__Records drawn from a dataset__.
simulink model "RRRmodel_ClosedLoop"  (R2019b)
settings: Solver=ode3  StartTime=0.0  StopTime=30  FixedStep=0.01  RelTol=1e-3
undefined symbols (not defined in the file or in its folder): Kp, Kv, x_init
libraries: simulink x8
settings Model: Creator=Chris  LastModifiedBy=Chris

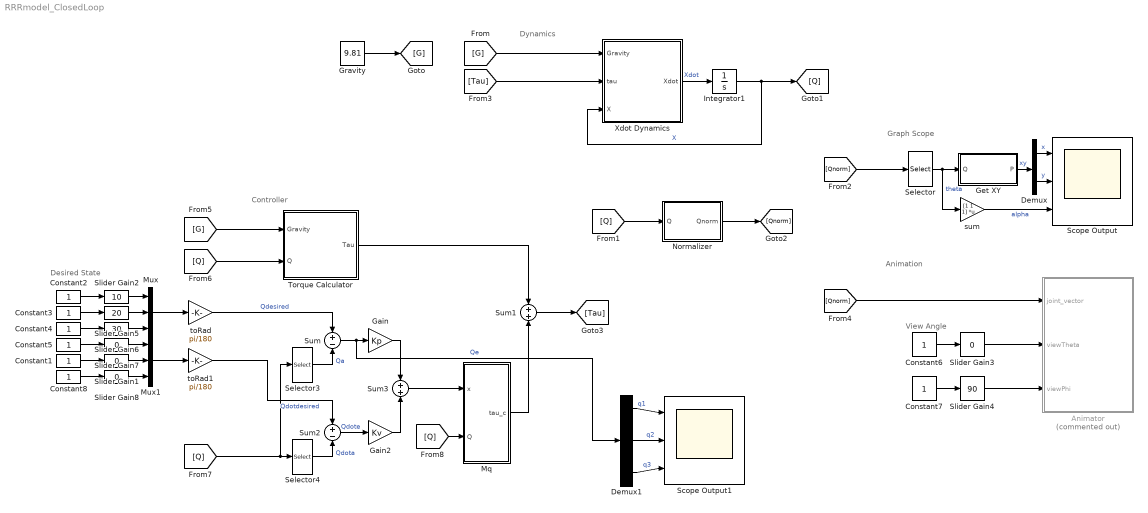
== system RRRmodel_ClosedLoop ==
  note: Controller
  note: Dynamics
  note: Animation
  note: View Angle
  note: Desired State
  note: Graph Scope
  Animator : MATLAB Function  Commented=on  TreatAsAtomicUnit=on
  Constant{1..8} (8 alike) : Constant
  Demux : Demux  Outputs=2
  Demux1 : Demux  Outputs=3
  Gain : Gain  Gain=Kp
  Gain2 : Gain  Gain=Kv
  Get XY : MATLAB Function  TreatAsAtomicUnit=on
  Gravity : Constant  Value=9.81
  Integrator1 : Integrator  InitialCondition=-x_init
  Mq : MATLAB Function  TreatAsAtomicUnit=on
  Mux : Mux  Inputs=3
  Mux1 : Mux  Inputs=3
  Normalizer : MATLAB Function  TreatAsAtomicUnit=on
  Scope Output : Scope  NumInputPorts=3
  Scope Output1 : Scope  NumInputPorts=3
  Selector : Selector  InputPortWidth=6  IndexOptions=Index vector (dialog)  Indices=[1 3 5]  OutputSizes=1
  Selector3 : Selector  InputPortWidth=6  IndexOptions=Index vector (dialog)  Indices=[1 3 5]  OutputSizes=1
  Selector4 : Selector  InputPortWidth=6  IndexOptions=Index vector (dialog)  Indices=[2 4 6]  OutputSizes=1
  Slider Gain{1,3,7..8} (4 alike) : simulink/Math Operations/Slider Gain  gain=0  low=-90  high=90
  Slider Gain2 : simulink/Math Operations/Slider Gain  gain=10  low=-90  high=90
  Slider Gain4 : simulink/Math Operations/Slider Gain  gain=90  low=-90  high=90
  Slider Gain5 : simulink/Math Operations/Slider Gain  gain=20  low=-90  high=90
  Slider Gain6 : simulink/Math Operations/Slider Gain  gain=30  low=-90  high=90
  Sum : Sum  Inputs=+|-
  Sum1 : Sum  Inputs=+|+
  Sum2 : Sum  Inputs=+|-
  Sum3 : Sum  Inputs=+|+
  Torque Calculator : MATLAB Function  TreatAsAtomicUnit=on
  Xdot Dynamics : MATLAB Function  TreatAsAtomicUnit=on
  sum : Gain  Gain=[1 1 1]  Multiplication=Matrix(K*u)
  toRad : Gain  Gain=pi/180
  toRad1 : Gain  Gain=pi/180
  wires:
  Torque Calculator/1(Tau) -> Sum1/1
  Xdot Dynamics/1(Xdot) -> Integrator1/1  "Xdot"
  Slider Gain3/1 -> Animator/2(viewTheta)
  Slider Gain4/1 -> Animator/3(viewPhi)
  Constant6/1 -> Slider Gain3/1
  Constant7/1 -> Slider Gain4/1
  Gravity/1 -> [G]
  [G] -> Xdot Dynamics/1(Gravity)
  Integrator1/1 -> Xdot Dynamics/3(X), [Q]  "X"
  [Tau] -> Xdot Dynamics/2(tau)
  [Qnorm] -> Animator/1(joint_vector)
  [G] -> Torque Calculator/1(Gravity)
  Normalizer/1(Qnorm) -> [Qnorm]
  [Q] -> Normalizer/1(Q)
  Constant3/1 -> Slider Gain5/1
  Slider Gain6/1 -> Mux/3
  Slider Gain2/1 -> Mux/1
  Constant8/1 -> Slider Gain8/1
  Constant1/1 -> Slider Gain1/1
  Slider Gain1/1 -> Mux1/2
  Constant4/1 -> Slider Gain6/1
  Constant2/1 -> Slider Gain2/1
  Slider Gain5/1 -> Mux/2
  Constant5/1 -> Slider Gain7/1
  Slider Gain7/1 -> Mux1/1
  Slider Gain8/1 -> Mux1/3
  Mux/1 -> toRad/1
  [Q] -> Selector3/1, Selector4/1
  Selector4/1 -> Sum2/2  "Qdota"
  Selector3/1 -> Sum/2  "Qa"
  Sum3/1 -> Mq/1(x)
  Sum1/1 -> [Tau]
  [Q] -> Torque Calculator/2(Q)
  toRad/1 -> Sum/1  "Qdesired"
  Sum/1 -> Demux1/1, Gain/1  "Qe"
  Sum2/1 -> Gain2/1  "Qdote"
  Gain/1 -> Sum3/1
  Gain2/1 -> Sum3/2
  Mux1/1 -> toRad1/1
  [Q] -> Mq/2(Q)
  Mq/1(tau_c) -> Sum1/2
  toRad1/1 -> Sum2/1  "Qdotdesired"
  Demux/2 -> Scope Output/2  "y"
  [Qnorm] -> Selector/1
  Get XY/1(P) -> Demux/1  "xy"
  sum/1 -> Scope Output/3  "alpha"
  Selector/1 -> sum/1, Get XY/1(Q)  "theta"
  Demux/1 -> Scope Output/1  "x"
  Demux1/1 -> Scope Output1/1  "q1"
  Demux1/2 -> Scope Output1/2  "q2"
  Demux1/3 -> Scope Output1/3  "q3"

== matlab function RRRmodel_ClosedLoop/Normalizer ==
  data: Q input; Qnorm output
function Qnorm = fcn(Q)

q = Q(1:3);
qdot = Q(4:6);
qnorm = 2.*atan(tan(q./2));

Qnorm = [qnorm;qdot];

== matlab function RRRmodel_ClosedLoop/Xdot Dynamics ==
  data: Xdot output; Gravity input; tau input; X input
function Xdot = xdot(Gravity,tau,X)

%% Unpack Variables
SFric1=0;
DFric1=200;
SFric2=0;
DFric2=150;
SFric3=0;
DFric3=100;

grav=Gravity;

q1=X(1);
q1dot=X(2);
q2=X(3);
q2dot=X(4);
q3=X(5);
q3dot=X(6);

%% Calculate Dynamics Matrices
Mq = [...
      80*cos(q2 + q3) + 420*cos(q2) + 60*cos(q3) + 12291/20, 40*cos(q2 + q3) + 210*cos(q2) + 60*cos(q3) + 2681/20, 40*cos(q2 + q3) + 30*cos(q3) + 101/10;...
       40*cos(q2 + q3) + 210*cos(q2) + 60*cos(q3) + 2681/20,                                 60*cos(q3) + 2681/20,                   30*cos(q3) + 101/10;...
                      40*cos(q2 + q3) + 30*cos(q3) + 101/10,                                  30*cos(q3) + 101/10,                                101/10;...
];


Vq = [...
      - q3dot*(40*q2dot*sin(q2 + q3) + q3dot*(40*sin(q2 + q3) + 30*sin(q3))) - q2dot*(q3dot*(40*sin(q2 + q3) + 60*sin(q3)) + q2dot*(40*sin(q2 + q3) + 210*sin(q2))) - q1dot*(q3dot*(80*sin(q2 + q3) + 60*sin(q3)) + q2dot*(80*sin(q2 + q3) + 420*sin(q2)));...
      210*q1dot^2*sin(q2) - 30*q3dot^2*sin(q3) + 40*q1dot^2*sin(q2 + q3) - 60*q1dot*q3dot*sin(q3) - 60*q2dot*q3dot*sin(q3);...
      30*q1dot^2*sin(q3) + 30*q2dot^2*sin(q3) + 40*q1dot^2*sin(q2 + q3) + 60*q1dot*q2dot*sin(q3);...
];

Gq = [...
      (5*grav*(4*cos(q1 + q2 + q3) + 21*cos(q1 + q2) + 56*cos(q1)))/2;...
      (105*grav*cos(q1 + q2))/2 + 10*grav*cos(q1 + q2 + q3);...
      10*grav*cos(q1 + q2 + q3);...
];


F1=SFric1*sign(q1dot) + DFric1*q1dot;
F2=SFric2*sign(q2dot) + DFric2*q2dot;
F3=SFric3*sign(q3dot) + DFric3*q3dot;

Fq=[F1;F2;F3];

%% Get Acceleration and Xdot
accel = Mq^(-1)*(tau - Vq - Gq - Fq);
Xdot=[q1dot;accel(1);q2dot;accel(2);q3dot;accel(3)];


end

== matlab function RRRmodel_ClosedLoop/Animator ==
  data: joint_vector input; viewTheta input; viewPhi input
function Model_Robot(joint_vector, viewTheta, viewPhi)

%% Unpack Joint Vector
theta = joint_vector;
L1 = 8;
L2 = 6;
EOA = 4;
L = [0 L1 L2 EOA];

%% Define Links/ Robot Shapes

Base  = [...
         -1  -1  -1  -1  -1   1   1  -1   1   1  -1   1   1  -1   1   1;...
          1  -1  -1   1   1   1   1   1   1  -1  -1  -1  -1  -1  -1   1;...
        -15 -15  -1  -1 -15 -15  -1  -1  -1  -1  -1  -1 -15 -15 -15 -15;...
];

Link1 = [...
          1  -1  -1   1   1   1   1   1   1  -1  -1  -1  -1  -1  -1   1;...
          1   1  -1  -1   1   1  -1  -1  -1  -1  -1  -1   1   1   1   1;...
         -1  -1  -1  -1  -1   1   1  -1   1   1  -1   1   1  -1   1   1;...
];

L1rod = [...
          1  L1  L1   1   1   1   1   1   1  L1  L1  L1  L1  L1  L1   1;...
         .5  .5 -.5 -.5  .5  .5 -.5 -.5 -.5 -.5 -.5 -.5  .5  .5  .5  .5;...
        -.5 -.5 -.5 -.5 -.5  .5  .5 -.5  .5  .5 -.5  .5  .5 -.5  .5  .5;...
];

Link2 = [...
          1  -1  -1   1   1   1   1   1   1  -1  -1  -1  -1  -1  -1   1;...
          1   1  -1  -1   1   1  -1  -1  -1  -1  -1  -1   1   1   1   1;...
         -1  -1  -1  -1  -1   1   1  -1   1   1  -1   1   1  -1   1   1;...
];

L2rod = [...
          1  L2  L2   1   1   1   1   1   1  L2  L2  L2  L2  L2  L2   1;...
         .5  .5 -.5 -.5  .5  .5 -.5 -.5 -.5 -.5 -.5 -.5  .5  .5  .5  .5;...
        -.5 -.5 -.5 -.5 -.5  .5  .5 -.5  .5  .5 -.5  .5  .5 -.5  .5  .5;...
];

Link3 = [...
          1  -1  -1   1   1   1   1   1   1  -1  -1  -1  -1  -1  -1   1;...
          1   1  -1  -1   1   1  -1  -1  -1  -1  -1  -1   1   1   1   1;...
         -1  -1  -1  -1  -1   1   1  -1   1   1  -1   1   1  -1   1   1;...
];

L3rod = [...
          1  EOA EOA  1   1   1   1   1   1  EOA EOA EOA EOA EOA EOA  1;...
         .5  .5 -.5 -.5  .5  .5 -.5 -.5 -.5 -.5 -.5 -.5  .5  .5  .5  .5;...
        -.5 -.5 -.5 -.5 -.5  .5  .5 -.5  .5  .5 -.5  .5  .5 -.5  .5  .5;...
];


%% Transform Link 1
BaseLink1= TRANSRRR(Link1 ,theta(1), L(1));
Link1rod = TRANSRRR(L1rod ,theta(1), L(1));

%% Transform Link 2
Link12   = TRANSRRR(Link2 ,theta(2), L(2));
BaseLink2= TRANSRRR(Link12,theta(1), L(1));

L2rod    = TRANSRRR(L2rod ,theta(2), L(2));
Link2rod = TRANSRRR(L2rod ,theta(1), L(1));

%% Transform Link 3
Link23   = TRANSRRR(Link3 ,theta(3), L(3));
Link13   = TRANSRRR(Link23,theta(2), L(2));
BaseLink3= TRANSRRR(Link13,theta(1), L(1));

L3rod    = TRANSRRR(L3rod ,theta(3), L(3));
L3rod    = TRANSRRR(L3rod ,theta(2), L(2));
Link3rod = TRANSRRR(L3rod ,theta(1), L(1));


%% Plotting
plot3(Base(1,:),Base(2,:),Base(3,:),'k-')
axis([-20 20 -20 20 -20 20]);
grid on
hold on
plot3(BaseLink1(1,:),BaseLink1(2,:),BaseLink1(3,:),'b-', 'LineWidth', 2)
plot3(Link1rod(1,:), Link1rod(2,:), Link1rod(3,:), 'b-', 'LineWidth', 2)
plot3(BaseLink2(1,:),BaseLink2(2,:),BaseLink2(3,:),'g-', 'LineWidth', 2)
plot3(Link2rod(1,:), Link2rod(2,:), Link2rod(3,:), 'g-', 'LineWidth', 2)
plot3(BaseLink3(1,:),BaseLink3(2,:),BaseLink3(3,:),'k-', 'LineWidth', 2)
plot3(Link3rod(1,:), Link3rod(2,:), Link3rod(3,:), 'k-', 'LineWidth', 2)

xlabel('X');
ylabel('Y');
zlabel('Z');
view(viewTheta,viewPhi);
set(gcf,'color','w');
hold off

end

== matlab function RRRmodel_ClosedLoop/Torque Calculator ==
  data: Tau output; Gravity input; Q input
function Tau = tau_calc(Gravity,Q)

SFric1=0;
DFric1=200;
SFric2=0;
DFric2=150;
SFric3=0;
DFric3=100;

grav=Gravity;

q1 = Q(1);
q2 = Q(3);
q3 = Q(5);
q1dot = Q(2);
q2dot = Q(4);
q3dot = Q(6);

Vq = [...
      - q3dot*(40*q2dot*sin(q2 + q3) + q3dot*(40*sin(q2 + q3) + 30*sin(q3))) - q2dot*(q3dot*(40*sin(q2 + q3) + 60*sin(q3)) + q2dot*(40*sin(q2 + q3) + 210*sin(q2))) - q1dot*(q3dot*(80*sin(q2 + q3) + 60*sin(q3)) + q2dot*(80*sin(q2 + q3) + 420*sin(q2)));...
      210*q1dot^2*sin(q2) - 30*q3dot^2*sin(q3) + 40*q1dot^2*sin(q2 + q3) - 60*q1dot*q3dot*sin(q3) - 60*q2dot*q3dot*sin(q3);...
      30*q1dot^2*sin(q3) + 30*q2dot^2*sin(q3) + 40*q1dot^2*sin(q2 + q3) + 60*q1dot*q2dot*sin(q3);...
];

Gq = [...
      (5*grav*(4*cos(q1 + q2 + q3) + 21*cos(q1 + q2) + 56*cos(q1)))/2;...
      (105*grav*cos(q1 + q2))/2 + 10*grav*cos(q1 + q2 + q3);...
      10*grav*cos(q1 + q2 + q3);...
];


F1=SFric1*sign(q1dot) + DFric1*q1dot;
F2=SFric2*sign(q2dot) + DFric2*q2dot;
F3=SFric3*sign(q3dot) + DFric3*q3dot;
Fq=[F1;F2;F3];

Tau = Vq + Gq + Fq;

end

== matlab function RRRmodel_ClosedLoop/Mq ==
  data: x input; Q input; tau_c output
function tau_c = fcn(x,Q)

q1=Q(1);
q2=Q(2);
q3=Q(3);

Mq = [...
      80*cos(q2 + q3) + 420*cos(q2) + 60*cos(q3) + 12291/20, 40*cos(q2 + q3) + 210*cos(q2) + 60*cos(q3) + 2681/20, 40*cos(q2 + q3) + 30*cos(q3) + 101/10;...
       40*cos(q2 + q3) + 210*cos(q2) + 60*cos(q3) + 2681/20,                                 60*cos(q3) + 2681/20,                   30*cos(q3) + 101/10;...
                      40*cos(q2 + q3) + 30*cos(q3) + 101/10,                                  30*cos(q3) + 101/10,                                101/10;...
];

tau_c = Mq*x;

== matlab function RRRmodel_ClosedLoop/Get XY ==
  data: Q input; P output
function P   = TRANSRRR04(Q)

q1 = Q(1);
q2 = Q(2);
q3 = Q(3);

T01 = [...
       cos(q1)  -sin(q1)  0  0 ;...
       sin(q1)   cos(q1)  0  0 ;...
         0         0      1  0 ;...
         0         0      0  1 ;...
];


T12 = [...
       cos(q2)  -sin(q2)  0  4 ;...
       sin(q2)   cos(q2)  0  0 ;...
         0         0      1  0 ;...
         0         0      0  1 ;...
];

T23 = [...
       cos(q3)  -sin(q3)  0  3 ;...
       sin(q3)   cos(q3)  0  0 ;...
         0         0      1  0 ;...
         0         0      0  1 ;...
];

T34 = [...
         1         0      0  2 ;...
         0         1      0  0 ;...
         0         0      1  0 ;...
         0         0      0  1 ;...
];

T04 = T01*T12*T23*T34;
Pt = T04*[0;0;0;1];
P = [Pt(1); Pt(2)];
end

__TO DO__.
Using the records above, copy word for word the line with "Constant3/1 -> Slider Gain5/1", the line with "toRad1/1 -> Sum2/1", and every line between them.

__TASK ANSWER__.
  Constant3/1 -> Slider Gain5/1
  Slider Gain6/1 -> Mux/3
  Slider Gain2/1 -> Mux/1
  Constant8/1 -> Slider Gain8/1
  Constant1/1 -> Slider Gain1/1
  Slider Gain1/1 -> Mux1/2
  Constant4/1 -> Slider Gain6/1
  Constant2/1 -> Slider Gain2/1
  Slider Gain5/1 -> Mux/2
  Constant5/1 -> Slider Gain7/1
  Slider Gain7/1 -> Mux1/1
  Slider Gain8/1 -> Mux1/3
  Mux/1 -> toRad/1
  [Q] -> Selector3/1, Selector4/1
  Selector4/1 -> Sum2/2  "Qdota"
  Selector3/1 -> Sum/2  "Qa"
  Sum3/1 -> Mq/1(x)
  Sum1/1 -> [Tau]
  [Q] -> Torque Calculator/2(Q)
  toRad/1 -> Sum/1  "Qdesired"
  Sum/1 -> Demux1/1, Gain/1  "Qe"
  Sum2/1 -> Gain2/1  "Qdote"
  Gain/1 -> Sum3/1
  Gain2/1 -> Sum3/2
  Mux1/1 -> toRad1/1
  [Q] -> Mq/2(Q)
  Mq/1(tau_c) -> Sum1/2
  toRad1/1 -> Sum2/1  "Qdotdesired"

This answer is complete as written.